(Items from a data source)
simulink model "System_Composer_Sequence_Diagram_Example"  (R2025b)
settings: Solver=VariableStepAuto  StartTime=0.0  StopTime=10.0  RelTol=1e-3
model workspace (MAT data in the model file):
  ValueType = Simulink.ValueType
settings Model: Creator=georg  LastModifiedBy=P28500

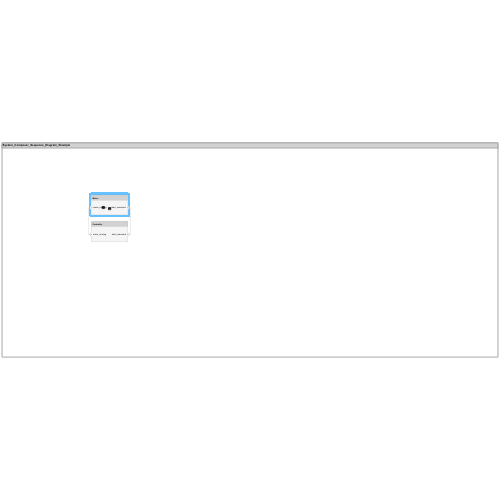
[thumbnail: Simulink's stored preview of the top-level diagram]
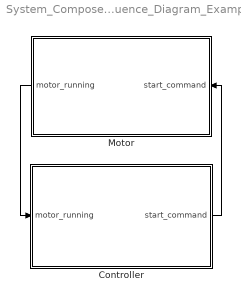
== system System_Composer_Sequence_Diagram_Example ==
  Controller : Subsystem
      settings: PortSchema="{\"entries\":[{\"content\":{\"headerSize\":26,\"margin\":15,\"minimumSpacing\":25,\"sides\":[{\"content\":{\"connectorIds\":[\"In1\"]},\"type\":\"ConnectorPlacement.EquallySpacedRectSide\",\"uuid\":\"f2b8d0f2-7f5d-455f-be3b-bebc8923d0ca\"},{\"content\":{\"connectorIds\":[\"Out1\"],\"side\":\"RIGHT\"},\"type\":\"ConnectorPlacement.EquallySpacedRectSide\",\"uuid\":\"31a0e29f-9864-4338-a782-8b947d3fedba\"},{\"content\":{\"side\":\"TOP\"},\"type\":\"ConnectorPlacement.EquallySpacedRectSide\",\"uuid\":\"4942ece6-1afd-4d8c-8cd3-26dd6f5f24c0\"},{\"content\":{\"side\":\"BOTTOM\"},\"type\":\"ConnectorPlacement.EquallySpacedRectSide\",\"uuid\":\"80afb963-df9b-44b8-a0ac-6ec440b7f0e9\"}]},\"type\":\"ConnectorPlacement.EquallySpacedConnector\",\"uuid\":\"76591b92-e423-4447-934b-80faf59083dd\"}],\"packageUris\":[\"http://schema.mathworks.com/mf0/Connector/R2020b\"],\"version\":\"1.0\"}"
  Motor : Subsystem
      settings: PortSchema="{\"entries\":[{\"content\":{\"headerSize\":26,\"margin\":15,\"minimumSpacing\":25,\"sides\":[{\"content\":{\"connectorIds\":[\"Out1\"]},\"type\":\"ConnectorPlacement.EquallySpacedRectSide\",\"uuid\":\"f2b8d0f2-7f5d-455f-be3b-bebc8923d0ca\"},{\"content\":{\"connectorIds\":[\"In1\"],\"side\":\"RIGHT\"},\"type\":\"ConnectorPlacement.EquallySpacedRectSide\",\"uuid\":\"31a0e29f-9864-4338-a782-8b947d3fedba\"},{\"content\":{\"side\":\"TOP\"},\"type\":\"ConnectorPlacement.EquallySpacedRectSide\",\"uuid\":\"4942ece6-1afd-4d8c-8cd3-26dd6f5f24c0\"},{\"content\":{\"side\":\"BOTTOM\"},\"type\":\"ConnectorPlacement.EquallySpacedRectSide\",\"uuid\":\"11339b56-b980-4906-a7d5-ffb99b837df0\"}]},\"type\":\"ConnectorPlacement.EquallySpacedConnector\",\"uuid\":\"76591b92-e423-4447-934b-80faf59083dd\"}],\"packageUris\":[\"http://schema.mathworks.com/mf0/Connector/R2020b\"],\"version\":\"1.0\"}"
  wires:
  Motor/1(motor_running) -> Controller/1(motor_running)
  Controller/1(start_command) -> Motor/1(start_command)

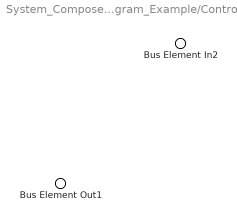
== system System_Composer_Sequence_Diagram_Example/Controller ==
  Bus Element In2 : Inport  PortName=motor_running
  Bus Element Out1 : Outport  PortName=start_command

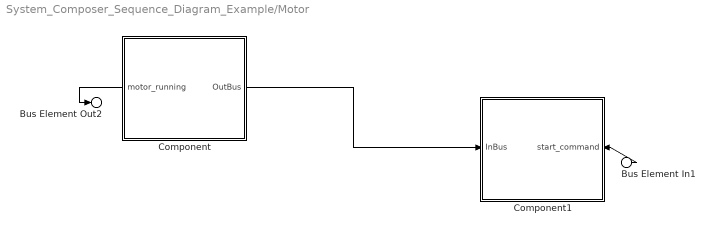
== system System_Composer_Sequence_Diagram_Example/Motor ==
  Bus Element In1 : Inport  PortName=start_command
  Component : Stateflow chart  TreatAsAtomicUnit=on
      settings: PortSchema="{\"entries\":[{\"content\":{\"headerSize\":26,\"margin\":15,\"minimumSpacing\":25,\"sides\":[{\"content\":{\"connectorIds\":[\"Out1\"]},\"type\":\"ConnectorPlacement.EquallySpacedRectSide\",\"uuid\":\"77e644ac-cc1e-4164-b9e3-38dad8eef4d2\"},{\"content\":{\"connectorIds\":[\"Out2\"],\"side\":\"RIGHT\"},\"type\":\"ConnectorPlacement.EquallySpacedRectSide\",\"uuid\":\"2140499f-a52a-4e87-b71c-4412cc790c2d\"},{\"content\":{\"side\":\"TOP\"},\"type\":\"ConnectorPlacement.EquallySpacedRectSide\",\"uuid\":\"76ef3de7-908f-42ac-9497-7966aee48685\"}]},\"type\":\"ConnectorPlacement.EquallySpacedConnector\",\"uuid\":\"37f7d6e2-2535-4b8f-a441-6386f47bce9d\"}],\"packageUris\":[\"http://schema.mathworks.com/mf0/Connector/R2020b\"],\"version\":\"1.0\"}"
  Component1 : Stateflow chart  TreatAsAtomicUnit=on
      settings: PortSchema="{\"entries\":[{\"content\":{\"headerSize\":26,\"margin\":15,\"minimumSpacing\":25,\"sides\":[{\"content\":{\"connectorIds\":[\"In1\"]},\"type\":\"ConnectorPlacement.EquallySpacedRectSide\",\"uuid\":\"77e644ac-cc1e-4164-b9e3-38dad8eef4d2\"},{\"content\":{\"connectorIds\":[\"In2\"],\"side\":\"RIGHT\"},\"type\":\"ConnectorPlacement.EquallySpacedRectSide\",\"uuid\":\"2140499f-a52a-4e87-b71c-4412cc790c2d\"},{\"content\":{\"side\":\"TOP\"},\"type\":\"ConnectorPlacement.EquallySpacedRectSide\",\"uuid\":\"76ef3de7-908f-42ac-9497-7966aee48685\"}]},\"type\":\"ConnectorPlacement.EquallySpacedConnector\",\"uuid\":\"37f7d6e2-2535-4b8f-a441-6386f47bce9d\"}],\"packageUris\":[\"http://schema.mathworks.com/mf0/Connector/R2020b\"],\"version\":\"1.0\"}"
  Bus Element Out2 : Outport  PortName=motor_running
  wires:
  Component/1(motor_running) -> Bus Element Out2/1
  Component/2(OutBus) -> Component1/1(InBus)
  Bus Element In1/1 -> Component1/2(start_command)

== stateflow chart System_Composer_Sequence_Diagram_Example/Motor/Component1 ==
  data: InBus input; start_command input

== stateflow chart System_Composer_Sequence_Diagram_Example/Motor/Component ==
  data: motor_running output; OutBus output

_WHAT IS BEING ASKED_: Repeat verbatim the lines between the start of the data and the line containing "Controller : Subsystem", both ends included, omitting all pictures.

_EXERCISE RESULT_:
simulink model "System_Composer_Sequence_Diagram_Example"  (R2025b)
settings: Solver=VariableStepAuto  StartTime=0.0  StopTime=10.0  RelTol=1e-3
model workspace (MAT data in the model file):
  ValueType = Simulink.ValueType
settings Model: Creator=georg  LastModifiedBy=P28500

[thumbnail: Simulink's stored preview of the top-level diagram]
== system System_Composer_Sequence_Diagram_Example ==
  Controller : Subsystem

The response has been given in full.